Manipulating block copolymer self-assemblies in bulk and thin films by thermal and solvent annealing

Gu, Weiyin

01 January 2013

The self–assembly of block copolymers (BCPs) into well–ordered nanoscopic arrays holds promise for new technological breakthroughs as templates and scaffolds for the fabrication of nanostructured materials. It is essential to establish convenient approaches to control the morphology of BCPs, since some applications require addressability, the BCP microdomains must be perfectly aligned and oriented.
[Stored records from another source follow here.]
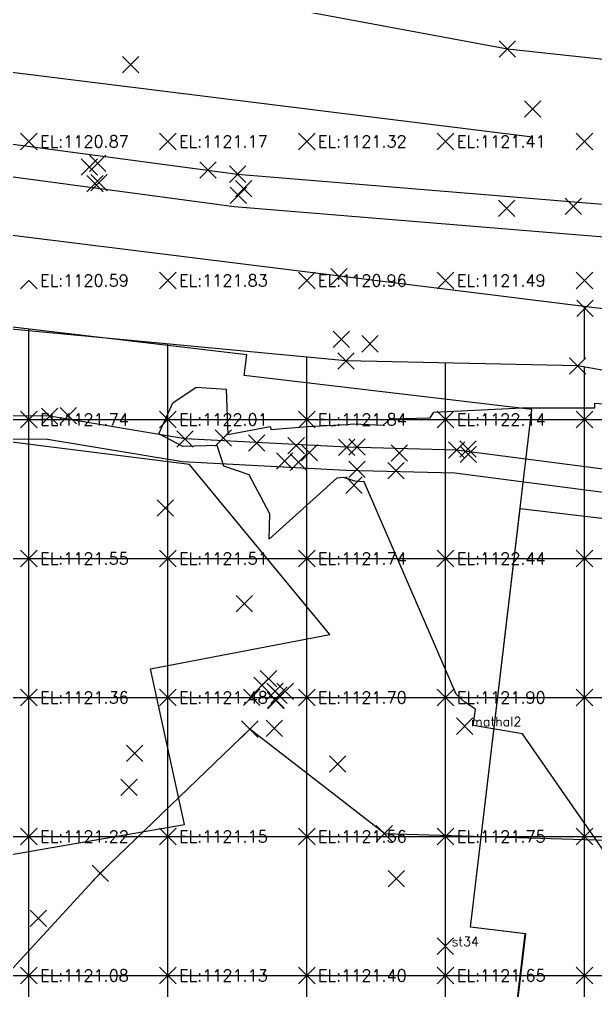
# Model space of a CAD drawing. Header units: metres. Extents: x -212 to 353850, y -37 to 356021.
# Drawn here: x 353787.96 to 353800.4, y 355966.72 to 355987.68 of the extents above; entities that cross this region are included whole.
import ezdxf

# ---------------------------------------------------------------- set-up
doc = ezdxf.new("R2010")
doc.units = ezdxf.units.M
for name, color, linetype in [('C-TOPO-MINR', 8, 'Continuous'), ('C-TOPO-TEXT', 7, 'Continuous'), ('Obs.ts.td2', 7, 'Continuous'), ('Obs.ts.td2_Mark', 7, 'Continuous'), ('Survey.td2', 7, 'Continuous'), ('V-NODE', 1, 'Continuous')]:
    doc.layers.add(name, color=color, linetype=linetype)
doc.styles.get("Standard").update_dxf_attribs({"font": 'simplex.shx'})

# ---------------------------------------------------------------- blocks, each defined once
blk = doc.blocks.new('*U1')
at = {"color": 0, "linetype": 'ByBlock', "lineweight": -2, "transparency": 16777216}
for p, q in [((-0.707, -0.707), (0.707, 0.707)), ((-0.707, 0.707), (0.707, -0.707))]:
    blk.add_line(p, q, dxfattribs=at)
blk = doc.blocks.new('*U161', base_point=(353792.9381, 355972.3658, 1121.2077))
at = {"layer": 'V-NODE', "lineweight": -2, "xscale": 0.25, "yscale": 0.25, "zscale": 0.25}
blk.add_blockref('*U1', (353792.9381, 355972.3658, 1121.2077), dxfattribs=at)
blk = doc.blocks.new('*U162', base_point=(353789.7088, 355969.2565, 1120.8953))
at = {"layer": 'V-NODE', "lineweight": -2, "xscale": 0.25, "yscale": 0.25, "zscale": 0.25}
blk.add_blockref('*U1', (353789.7088, 355969.2565, 1120.8953), dxfattribs=at)
blk = doc.blocks.new('*U179', base_point=(353790.3646, 355986.7089, 1119.7867))
at = {"layer": 'V-NODE', "lineweight": -2, "xscale": 0.25, "yscale": 0.25, "zscale": 0.25}
blk.add_blockref('*U1', (353790.3646, 355986.7089, 1119.7867), dxfattribs=at)
blk = doc.blocks.new('*U180', base_point=(353799.0416, 355985.7479, 1120.1594))
at = {"layer": 'V-NODE', "lineweight": -2, "xscale": 0.25, "yscale": 0.25, "zscale": 0.25}
blk.add_blockref('*U1', (353799.0416, 355985.7479, 1120.1594), dxfattribs=at)
blk = doc.blocks.new('*U181', base_point=(353798.4997, 355987.0422, 1120.0807))
at = {"layer": 'V-NODE', "lineweight": -2, "xscale": 0.25, "yscale": 0.25, "zscale": 0.25}
blk.add_blockref('*U1', (353798.4997, 355987.0422, 1120.0807), dxfattribs=at)
blk = doc.blocks.new('*U300', base_point=(353792.8193, 355975.076, 1121.6553))
at = {"layer": 'V-NODE', "lineweight": -2, "xscale": 0.25, "yscale": 0.25, "zscale": 0.25}
blk.add_blockref('*U1', (353792.8193, 355975.076, 1121.6553), dxfattribs=at)
blk = doc.blocks.new('*U301', base_point=(353791.1165, 355977.1362, 1121.5201))
at = {"layer": 'V-NODE', "lineweight": -2, "xscale": 0.25, "yscale": 0.25, "zscale": 0.25}
blk.add_blockref('*U1', (353791.1165, 355977.1362, 1121.5201), dxfattribs=at)
blk = doc.blocks.new('*U307', base_point=(353790.328, 355971.1126, 1121.4085))
at = {"layer": 'V-NODE', "lineweight": -2, "xscale": 0.25, "yscale": 0.25, "zscale": 0.25}
blk.add_blockref('*U1', (353790.328, 355971.1126, 1121.4085), dxfattribs=at)
blk = doc.blocks.new('*U308', base_point=(353790.4496, 355971.8436, 1121.405))
at = {"layer": 'V-NODE', "lineweight": -2, "xscale": 0.25, "yscale": 0.25, "zscale": 0.25}
blk.add_blockref('*U1', (353790.4496, 355971.8436, 1121.405), dxfattribs=at)
blk = doc.blocks.new('*U378', base_point=(353788.6132, 355979.1195, 1121.7705))
at = {"layer": 'V-NODE', "lineweight": -2, "xscale": 0.25, "yscale": 0.25, "zscale": 0.25}
blk.add_blockref('*U1', (353788.6132, 355979.1195, 1121.7705), dxfattribs=at)
blk = doc.blocks.new('*U379', base_point=(353789.0195, 355979.1309, 1121.7933))
at = {"layer": 'V-NODE', "lineweight": -2, "xscale": 0.25, "yscale": 0.25, "zscale": 0.25}
blk.add_blockref('*U1', (353789.0195, 355979.1309, 1121.7933), dxfattribs=at)
blk = doc.blocks.new('*U380', base_point=(353791.539, 355978.6311, 1122.0598))
at = {"layer": 'V-NODE', "lineweight": -2, "xscale": 0.25, "yscale": 0.25, "zscale": 0.25}
blk.add_blockref('*U1', (353791.539, 355978.6311, 1122.0598), dxfattribs=at)
blk = doc.blocks.new('*U381', base_point=(353792.3642, 355978.6482, 1122.0561))
at = {"layer": 'V-NODE', "lineweight": -2, "xscale": 0.25, "yscale": 0.25, "zscale": 0.25}
blk.add_blockref('*U1', (353792.3642, 355978.6482, 1122.0561), dxfattribs=at)
blk = doc.blocks.new('*U382', base_point=(353793.0876, 355978.5435, 1122.269))
at = {"layer": 'V-NODE', "lineweight": -2, "xscale": 0.25, "yscale": 0.25, "zscale": 0.25}
blk.add_blockref('*U1', (353793.0876, 355978.5435, 1122.269), dxfattribs=at)
blk = doc.blocks.new('*U383', base_point=(353793.6917, 355978.1554, 1122.2033))
at = {"layer": 'V-NODE', "lineweight": -2, "xscale": 0.25, "yscale": 0.25, "zscale": 0.25}
blk.add_blockref('*U1', (353793.6917, 355978.1554, 1122.2033), dxfattribs=at)
blk = doc.blocks.new('*U384', base_point=(353794.2202, 355978.3343, 1122.5894))
at = {"layer": 'V-NODE', "lineweight": -2, "xscale": 0.25, "yscale": 0.25, "zscale": 0.25}
blk.add_blockref('*U1', (353794.2202, 355978.3343, 1122.5894), dxfattribs=at)
blk = doc.blocks.new('*U385', base_point=(353793.9888, 355978.1277, 1122.4123))
at = {"layer": 'V-NODE', "lineweight": -2, "xscale": 0.25, "yscale": 0.25, "zscale": 0.25}
blk.add_blockref('*U1', (353793.9888, 355978.1277, 1122.4123), dxfattribs=at)
blk = doc.blocks.new('*U386', base_point=(353793.9385, 355978.4806, 1122.4074))
at = {"layer": 'V-NODE', "lineweight": -2, "xscale": 0.25, "yscale": 0.25, "zscale": 0.25}
blk.add_blockref('*U1', (353793.9385, 355978.4806, 1122.4074), dxfattribs=at)
blk = doc.blocks.new('*U387', base_point=(353795.0298, 355978.4487, 1122.4974))
at = {"layer": 'V-NODE', "lineweight": -2, "xscale": 0.25, "yscale": 0.25, "zscale": 0.25}
blk.add_blockref('*U1', (353795.0298, 355978.4487, 1122.4974), dxfattribs=at)
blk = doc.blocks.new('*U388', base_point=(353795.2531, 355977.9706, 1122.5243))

The theme of this thesis is the use of external forces, specifically thermal and solvent annealing, to guide the self–assembly of BCPs to obtain microphase separated morphologies for different applications. Three representative BCP systems, having lamellar, cylindrical and spherical microdomains are discussed. First, the self–assembly of lamella–forming brush block copolymers (BrBCPs) having polylactide (PLA) and polystyrene (PS) side chains were studied in the bulk and in thin films. The domain size increased approximately linearly with the molecular weight of the backbone, which indicated that the backbone was in an extended conformation that was confirmed theoretically. In situ small angle x–ray scattering (SAXS) measurements indicated that the self–assembly of the BrBCPs was quite rapid, due to the rigid nature of the backbone chain, Second, the directed self–assembly of cylinder–forming polystyrene–block–poly(ethylene oxide)s (PS–b–PEOs) in thin films were investigated. The polymer–surface interactions were tuned by hydroxyl end–functionalized polymers, so that the orientation of the PS–b–PEO microdomains was controlled during thermal annealing. Cylindrical PEO microdomains embedded in a PS matrix orientated normal to the silicon substrates were observed over a wide processing window when the substrates were modified by PS– b–PEO BCPs. PS–b–PEOs with an o–nitrobenzyl ester junction point (PS–hν –PEOs) were used to fabricate nanoscopic dot and line patterns having long–range lateral order. The cylindrical BCP microdomains were oriented perpendicular or parallel to the silicon substrates by varying the solvent annealing conditions. The third BCP system examined in this study was a sphere–forming polystyrene–block–polydimethylsiloxane (PS–b–PDMS). Solvent annealing in N–methyl–2–pyrrolidone was used to direct the self–assembly of the spherical microdomains into high areal density arrays on flat Si substrates, PS modified substrates and lithographically patterned substrates, respectively.